Although learning this theorem was valuable in and of itself, I am not sure I grasp how Spivak is employing it.
Firstly, I am unsure if it is correct to rewrite $\displaystyle \lim_{h\to 0}\frac{c[f(cx+ch)-f(cx)]}{ch}$ as $\displaystyle \lim_{h\to 0}F(c \cdot h)$. After playing around with several examples, I do not think such a conversion is acceptable (at least not in the context of applying the Theorem). If we were to go forward with this conversion, then that means if I could find an acceptable function of $k$...$\varphi (k)$...I should be able to claim:
$$\lim\limits_{h \to 0} f(c \cdot h) = \lim\limits_{k\to k_0} f(c \cdot\varphi(k))$$, but this does not feel right.

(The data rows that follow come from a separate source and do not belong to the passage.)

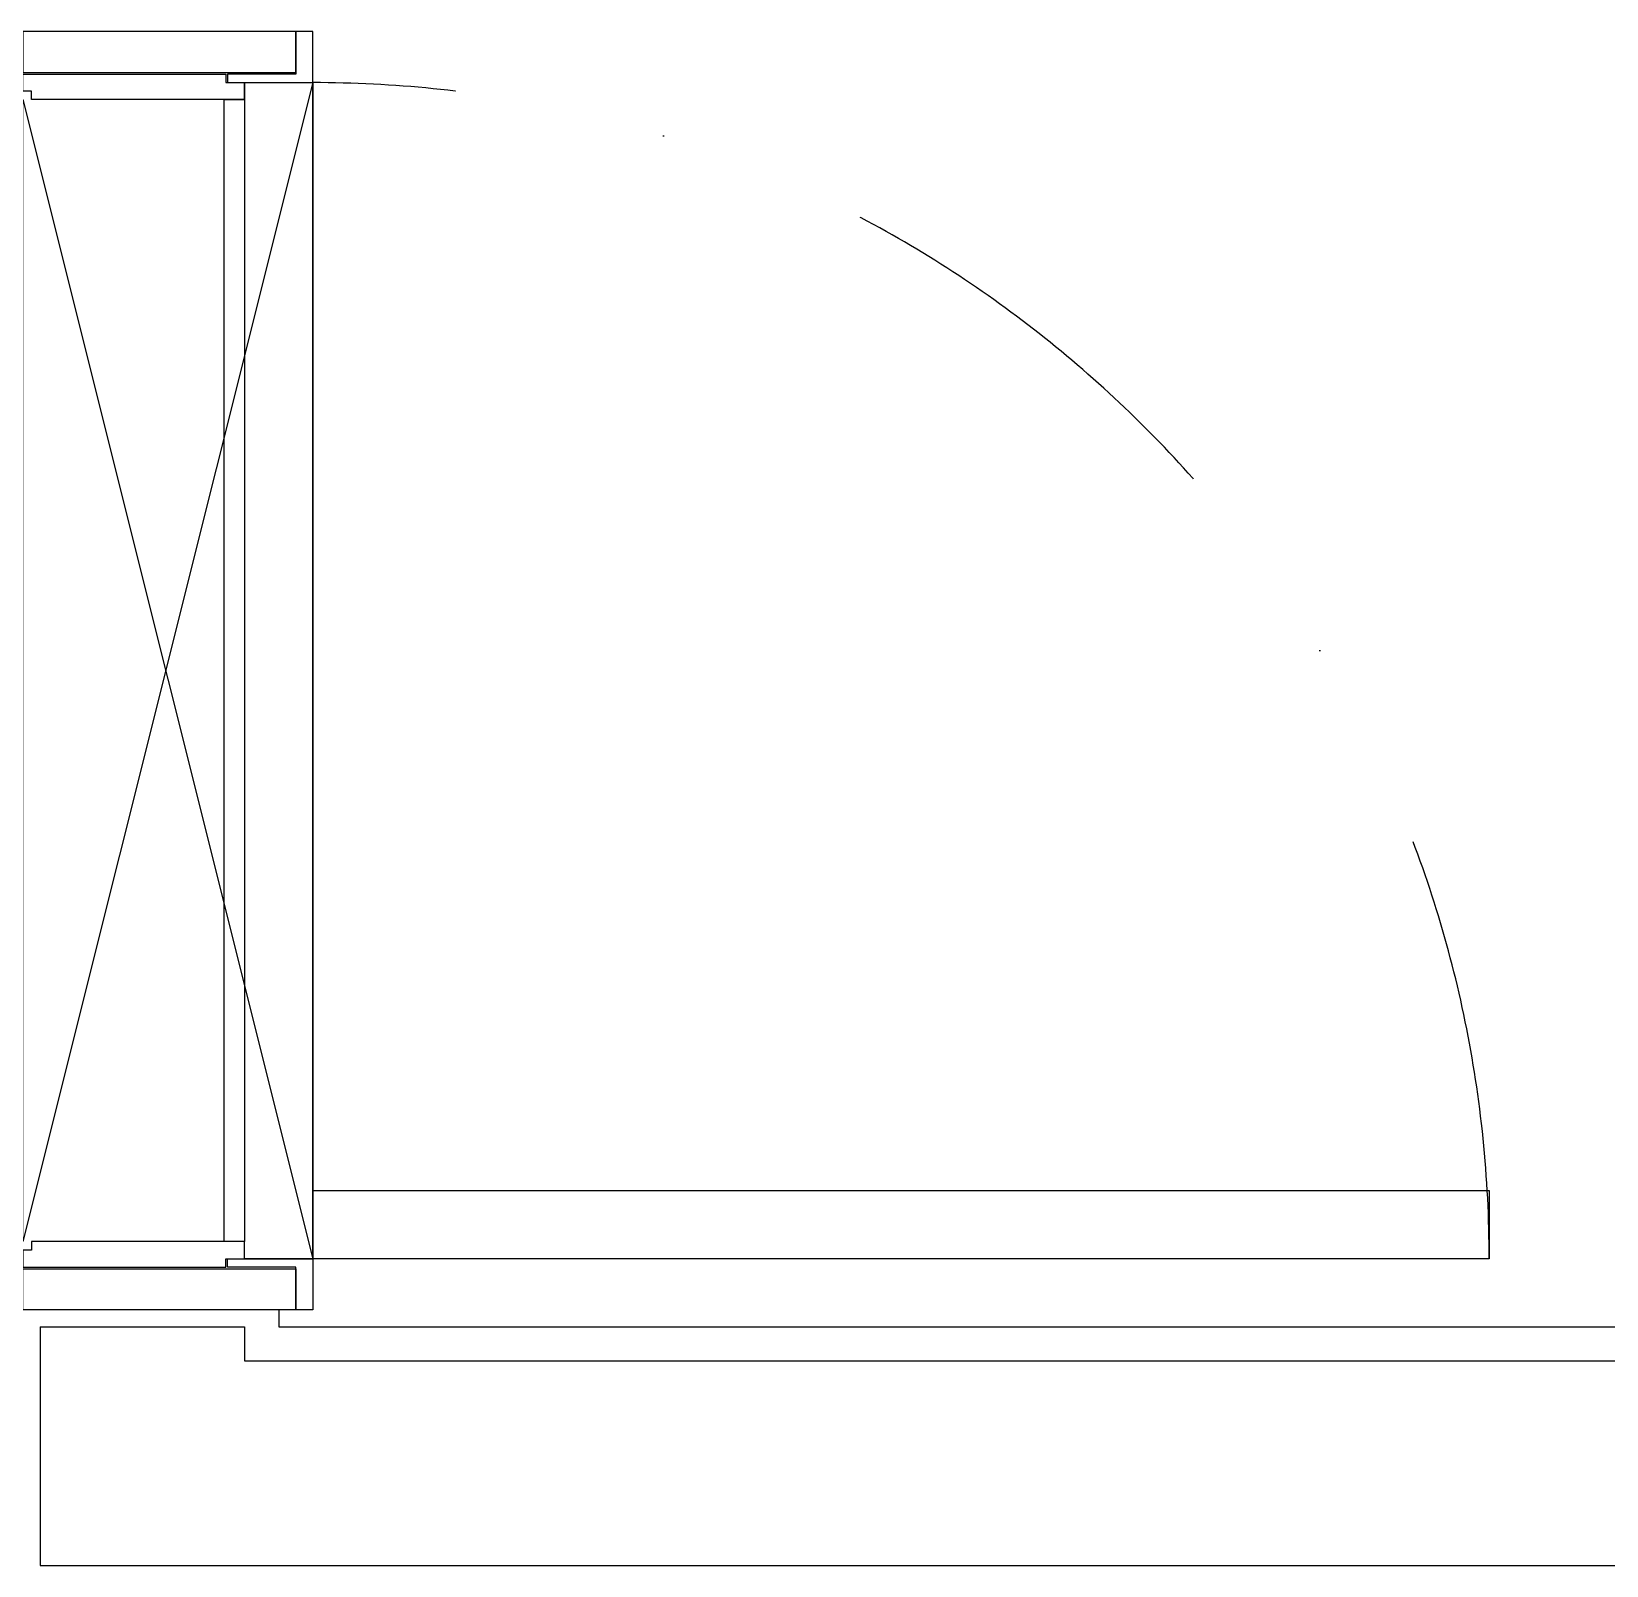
# Model space of a CAD drawing. Header units: millimetres. Extents: x -33000 to 294000, y 0 to 42408.
# Drawn here: x 93690 to 94614, y 15714 to 16614 of the extents above; entities that cross this region are included whole.
import ezdxf

# ---------------------------------------------------------------- set-up
doc = ezdxf.new("R2010")
doc.units = ezdxf.units.MM
doc.header["$LTSCALE"] = 50
doc.linetypes.add('DASHDOTX2', pattern=[2, 1, -0.5, 0, -0.5])
doc.layers.add('arch', color=8, linetype='Continuous')

msp = doc.modelspace()

# ---------------------------------------------------------------- linework, layer by layer
at = {"layer": 'arch'}
for p, q in [((93835, 15863.96), (93835, 15853.96)), ((93695, 15853.96), (93695, 15713.96)), ((93695, 15853.96), (93815, 15853.96)), ((93815, 15853.96), (93815, 15833.96)), ((93835, 15853.96), (95585, 15853.96)), ((93815, 15833.96), (95585, 15833.96)), ((93695, 15713.96), (95585, 15713.96))]:
    msp.add_line(p, q, dxfattribs=at)
at = {"layer": 'arch', "linetype": 'Continuous', "ltscale": 4, "elevation": 0}
for points in [[(93685, 16589.96), (93845, 16589.96), (93845, 16613.96), (93685, 16613.96)], [(93855, 16613.96), (93845, 16613.96), (93845, 16588.96), (93805, 16588.96), (93805, 16583.96), (93855, 16583.96)], [(93815, 16583.96), (93815, 16573.96), (93690, 16573.96), (93690, 16578.96), (93685, 16578.96), (93685, 16588.96), (93804, 16588.96), (93804, 16583.96)], [(94545, 15893.96), (93855, 15893.96), (93855, 15933.96), (94545, 15933.96)], [(93815, 15893.96), (93815, 15903.96), (93690, 15903.96), (93690, 15898.96), (93685, 15898.96), (93685, 15888.96), (93804, 15888.96), (93804, 15893.96)], [(93855, 15863.96), (93845, 15863.96), (93845, 15888.96), (93805, 15888.96), (93805, 15893.96), (93855, 15893.96)], [(93685, 15887.96), (93845, 15887.96), (93845, 15863.96), (93685, 15863.96)]]:
    msp.add_lwpolyline(points, close=True, dxfattribs=at)
at = {"layer": 'arch', "elevation": 0}
msp.add_lwpolyline([(93855, 15893.96), (93855, 16583.96), (93685, 15903.96), (93685, 16573.96)], close=True, dxfattribs=at)
for points in [[(93855, 15893.96), (93815, 15893.96), (93815, 15903.96), (93803, 15903.96), (93803, 16573.96), (93815, 16573.96), (93815, 16583.96), (93855, 16583.96), (93855, 15893.96)], [(93815, 16573.96), (93815, 15903.96)]]:
    msp.add_lwpolyline(points, dxfattribs=at)
at = {"layer": 'arch', "linetype": 'DASHDOTX2', "ltscale": 5}
msp.add_arc((93855, 15893.96), 690, 0, 90, dxfattribs=at)

doc.saveas('drawing.dxf')

If anyone could budge me in the right direction, I would appreciate it.
 A: Let $F(k) := \frac{c[f(cx + k) - f(cx)]}{k}$. Let $\varphi(h) = c h$. Then $F(\varphi(h)) = \frac{c[f(cx + ch) - f(cx)]}{ch}$. Your theorem implies
$$\lim_{k \to 0} F(k) = \lim_{h \to 0} F(\varphi(h))$$
which is exactly the step that Spivak takes.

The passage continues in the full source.